Copy, from the material below, each line where "ezdxf" shows up.
- - -
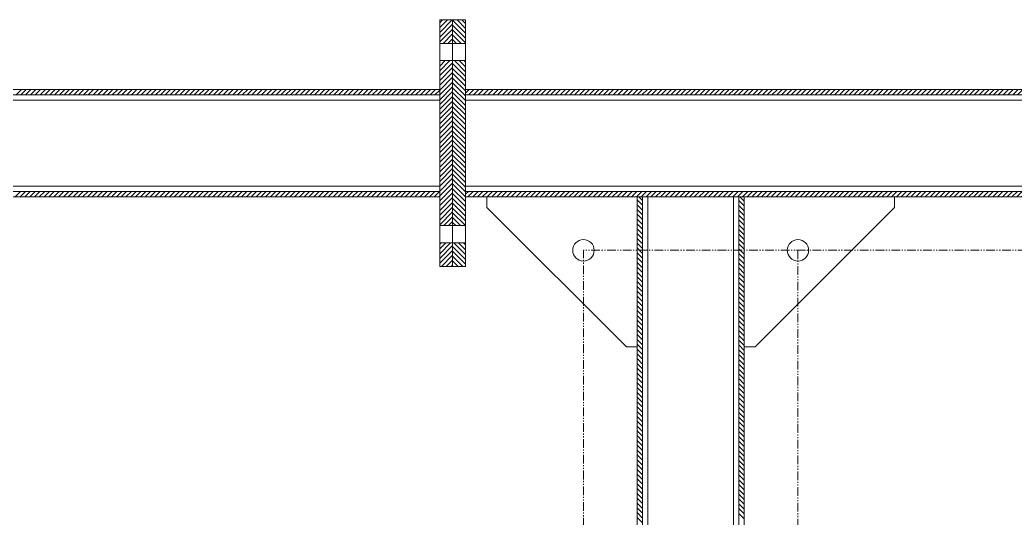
# Model space of a CAD drawing. Header units: millimetres. Extents: x 2179 to 44859, y 3478 to 159868.
# Drawn here: x 33988 to 34916, y 138038 to 138503 of the extents above; entities that cross this region are included whole.
import ezdxf

# ---------------------------------------------------------------- set-up
doc = ezdxf.new("R2010")
doc.units = ezdxf.units.MM
doc.linetypes.add('IMPORT-PHANTOM2', pattern=[14.732, 8.128, -1.524, 1.016, -1.524, 1.016, -1.524])
for name, color, linetype, lineweight in [('0-1', 7, 'IMPORT-PHANTOM2', 9), ('0-2', 7, 'Continuous', 9), ('2966-1_navrh dispozice stroju-HK_dwg-1', 7, 'Continuous', 9)]:
    doc.layers.add(name, color=color, linetype=linetype, lineweight=lineweight)

# ---------------------------------------------------------------- blocks, each defined once
blk = doc.blocks.new('2966-1_navrh dispozice stroju-HK_dwg__X1502-903077-1NP _ stroje - KOTVÍCÍ BODY')
at = {"layer": '0-2'}
for p, q in [((-15394.9, 19160.39), (-15399.46, 19164.95)), ((-15394.9, 19164.88), (-15394.97, 19164.95)), ((-15394.9, 19155.9), (-15399.9, 19160.9)), ((-15394.9, 19151.41), (-15399.9, 19156.41)), ((-15394.9, 19146.92), (-15399.9, 19151.92)), ((-15394.9, 19142.43), (-15399.9, 19147.43)), ((-15394.9, 19137.94), (-15399.9, 19142.94)), ((-15394.9, 19133.45), (-15399.9, 19138.45)), ((-15394.9, 19128.96), (-15399.9, 19133.96)), ((-15394.9, 19124.47), (-15399.9, 19129.47)), ((-15394.9, 19119.98), (-15399.9, 19124.98)), ((-15394.9, 19115.49), (-15399.9, 19120.49)), ((-15394.9, 19111), (-15399.9, 19116)), ((-15394.9, 19106.51), (-15399.9, 19111.51)), ((-15394.9, 19102.02), (-15399.9, 19107.02)), ((-15394.9, 19097.53), (-15399.9, 19102.53)), ((-15394.9, 19093.04), (-15399.9, 19098.04)), ((-15394.9, 19088.55), (-15399.9, 19093.55)), ((-15394.9, 19084.05), (-15399.9, 19089.05)), ((-15394.9, 19079.56), (-15399.9, 19084.56)), ((-15394.9, 19075.07), (-15399.9, 19080.07)), ((-15394.9, 19070.58), (-15399.9, 19075.58)), ((-15394.9, 19066.09), (-15399.9, 19071.09)), ((-15394.9, 19061.6), (-15399.9, 19066.6)), ((-15394.9, 19057.11), (-15399.9, 19062.11)), ((-15394.9, 19052.62), (-15399.9, 19057.62)), ((-15394.9, 19048.13), (-15399.9, 19053.13)), ((-15394.9, 19043.64), (-15399.9, 19048.64)), ((-15394.9, 19039.15), (-15399.9, 19044.15)), ((-15394.9, 19034.66), (-15399.9, 19039.66)), ((-15394.9, 19030.17), (-15399.9, 19035.17)), ((-15394.9, 19025.68), (-15399.9, 19030.68)), ((-15394.9, 19021.19), (-15399.9, 19026.19)), ((-15394.9, 19016.7), (-15399.9, 19021.7)), ((-15394.9, 19012.21), (-15399.9, 19017.21)), ((-15394.9, 19007.72), (-15399.9, 19012.72)), ((-15394.9, 19003.23), (-15399.9, 19008.23)), ((-15394.9, 18998.74), (-15399.9, 19003.74)), ((-15394.9, 18994.25), (-15399.9, 18999.25)), ((-15394.9, 18989.76), (-15399.9, 18994.76)), ((-15394.9, 18985.27), (-15399.9, 18990.27)), ((-15394.9, 18980.78), (-15399.9, 18985.78)), ((-15394.9, 18976.29), (-15399.9, 18981.29)), ((-15394.9, 18971.8), (-15399.9, 18976.8)), ((-15394.9, 18967.31), (-15399.9, 18972.31)), ((-15394.9, 18962.82), (-15399.9, 18967.82)), ((-15394.9, 18958.33), (-15399.9, 18963.33)), ((-15394.9, 18953.84), (-15399.9, 18958.84)), ((-15394.9, 18949.35), (-15399.9, 18954.35)), ((-15394.9, 18944.86), (-15399.9, 18949.86)), ((-15394.9, 18940.37), (-15399.9, 18945.37)), ((-15394.9, 18935.88), (-15399.9, 18940.88)), ((-15394.9, 18931.39), (-15399.9, 18936.39)), ((-15394.9, 18926.9), (-15399.9, 18931.9)), ((-15394.9, 18922.41), (-15399.9, 18927.41)), ((-15394.9, 18917.92), (-15399.9, 18922.92)), ((-15394.9, 18913.43), (-15399.9, 18918.43)), ((-15394.9, 18908.94), (-15399.9, 18913.94)), ((-15394.9, 18904.45), (-15399.9, 18909.45)), ((-15394.9, 18899.96), (-15399.9, 18904.96)), ((-15394.9, 18895.47), (-15399.9, 18900.47)), ((-15394.9, 18890.98), (-15399.9, 18895.98)), ((-15394.9, 18886.49), (-15399.9, 18891.49)), ((-15394.9, 18882), (-15399.9, 18887)), ((-15394.9, 18877.51), (-15399.9, 18882.51)), ((-15394.9, 18873.02), (-15399.9, 18878.02)), ((-15394.9, 18868.53), (-15399.9, 18873.53)), ((-15394.9, 18864.04), (-15399.9, 18869.04)), ((-15394.9, 18859.55), (-15399.9, 18864.55)), ((-15394.9, 18855.06), (-15399.9, 18860.06)), ((-15394.9, 18850.57), (-15399.9, 18855.57)), ((-15394.9, 18846.08), (-15399.9, 18851.08)), ((-15394.9, 18841.59), (-15399.9, 18846.59)), ((-15394.9, 18837.1), (-15399.9, 18842.1)), ((-15394.9, 18832.61), (-15399.9, 18837.61)), ((-15394.9, 18828.12), (-15399.9, 18833.12)), ((-15394.9, 18823.63), (-15399.9, 18828.63)), ((-15394.9, 18819.14), (-15399.9, 18824.14)), ((-15394.9, 18814.65), (-15399.9, 18819.65)), ((-15394.9, 18810.16), (-15399.9, 18815.16)), ((-15394.9, 18805.67), (-15399.9, 18810.67)), ((-15394.9, 18801.18), (-15399.9, 18806.18)), ((-15394.9, 18796.69), (-15399.9, 18801.69)), ((-15394.9, 18792.2), (-15399.9, 18797.2)), ((-15394.9, 18787.71), (-15399.9, 18792.71)), ((-15394.9, 18783.22), (-15399.9, 18788.22)), ((-15394.9, 18778.73), (-15399.9, 18783.73)), ((-15394.9, 18774.24), (-15399.9, 18779.24)), ((-15394.9, 18769.75), (-15399.9, 18774.75)), ((-15394.9, 18765.26), (-15399.9, 18770.26)), ((-15394.9, 18760.77), (-15399.9, 18765.77)), ((-15394.9, 18756.28), (-15399.9, 18761.28)), ((-15394.9, 18751.79), (-15399.9, 18756.79)), ((-15394.9, 18747.3), (-15399.9, 18752.3)), ((-15394.9, 18742.81), (-15399.9, 18747.81)), ((-15394.9, 18738.32), (-15399.9, 18743.32)), ((-15394.9, 18733.82), (-15399.9, 18738.82)), ((-15394.9, 18729.33), (-15399.9, 18734.33)), ((-15394.9, 18724.84), (-15399.9, 18729.84)), ((-15394.9, 18720.35), (-15399.9, 18725.35)), ((-15394.9, 18715.86), (-15399.9, 18720.86)), ((-15394.9, 18711.37), (-15399.9, 18716.37)), ((-15394.9, 18706.88), (-15399.9, 18711.88)), ((-15394.9, 18702.39), (-15399.9, 18707.39)), ((-15394.9, 18697.9), (-15399.9, 18702.9)), ((-15394.9, 18693.41), (-15399.9, 18698.41)), ((-15394.9, 18688.92), (-15399.9, 18693.92)), ((-15394.9, 18684.43), (-15399.9, 18689.43)), ((-15394.9, 18679.94), (-15399.9, 18684.94)), ((-15394.9, 18675.45), (-15399.9, 18680.45)), ((-15394.9, 18670.96), (-15399.9, 18675.96)), ((-15394.9, 18666.47), (-15399.9, 18671.47)), ((-15394.9, 18661.98), (-15399.9, 18666.98)), ((-15394.9, 18657.49), (-15399.9, 18662.49)), ((-15394.9, 18653), (-15399.9, 18658)), ((-15394.9, 18648.51), (-15399.9, 18653.51)), ((-15394.9, 18644.02), (-15399.9, 18649.02)), ((-15394.9, 18639.53), (-15399.9, 18644.53)), ((-15394.9, 18635.04), (-15399.9, 18640.04)), ((-15394.9, 18630.55), (-15399.9, 18635.55)), ((-15394.9, 18626.06), (-15399.9, 18631.06)), ((-15394.9, 18621.57), (-15399.9, 18626.57)), ((-15394.9, 18617.08), (-15399.9, 18622.08)), ((-15394.9, 18612.59), (-15399.9, 18617.59)), ((-15394.9, 18608.1), (-15399.9, 18613.1)), ((-15394.9, 18603.61), (-15399.9, 18608.61)), ((-15394.9, 18599.12), (-15399.9, 18604.12)), ((-15394.9, 18594.63), (-15399.9, 18599.63)), ((-15394.9, 18590.14), (-15399.9, 18595.14)), ((-15394.9, 18585.65), (-15399.9, 18590.65)), ((-15394.9, 18581.16), (-15399.9, 18586.16)), ((-15394.9, 18576.67), (-15399.9, 18581.67)), ((-15394.9, 18572.18), (-15399.9, 18577.18)), ((-15394.9, 18567.69), (-15399.9, 18572.69)), ((-15394.9, 18563.2), (-15399.9, 18568.2)), ((-15394.9, 18558.71), (-15399.9, 18563.71)), ((-15394.9, 18554.22), (-15399.9, 18559.22)), ((-15394.9, 18549.73), (-15399.9, 18554.73)), ((-15394.9, 18545.24), (-15399.9, 18550.24)), ((-15394.9, 18540.75), (-15399.9, 18545.75)), ((-15394.9, 18536.26), (-15399.9, 18541.26)), ((-15394.9, 18531.77), (-15399.9, 18536.77)), ((-15394.9, 18527.28), (-15399.9, 18532.28)), ((-15394.9, 18522.79), (-15399.9, 18527.79)), ((-15394.9, 18518.3), (-15399.9, 18523.3)), ((-15394.9, 18513.81), (-15399.9, 18518.81)), ((-15394.9, 18509.32), (-15399.9, 18514.32)), ((-15394.9, 18504.83), (-15399.9, 18509.83)), ((-15394.9, 18500.34), (-15399.9, 18505.34)), ((-15394.9, 18495.85), (-15399.9, 18500.85)), ((-15394.9, 18491.36), (-15399.9, 18496.36)), ((-15394.9, 18486.87), (-15399.9, 18491.87)), ((-15394.9, 18482.38), (-15399.9, 18487.38)), ((-15394.9, 18477.89), (-15399.9, 18482.89)), ((-15394.9, 18473.4), (-15399.9, 18478.4)), ((-15394.9, 18468.91), (-15399.9, 18473.91)), ((-15394.9, 18464.42), (-15399.9, 18469.42)), ((-15394.9, 18459.93), (-15399.9, 18464.93)), ((-15394.9, 18455.44), (-15399.9, 18460.44)), ((-15394.9, 18450.95), (-15399.9, 18455.95)), ((-15394.9, 18446.46), (-15399.9, 18451.46)), ((-15394.9, 18441.97), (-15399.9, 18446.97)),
- - -
### RESPONSE BOX
import ezdxf
doc = ezdxf.new("R2010")
doc.units = ezdxf.units.MM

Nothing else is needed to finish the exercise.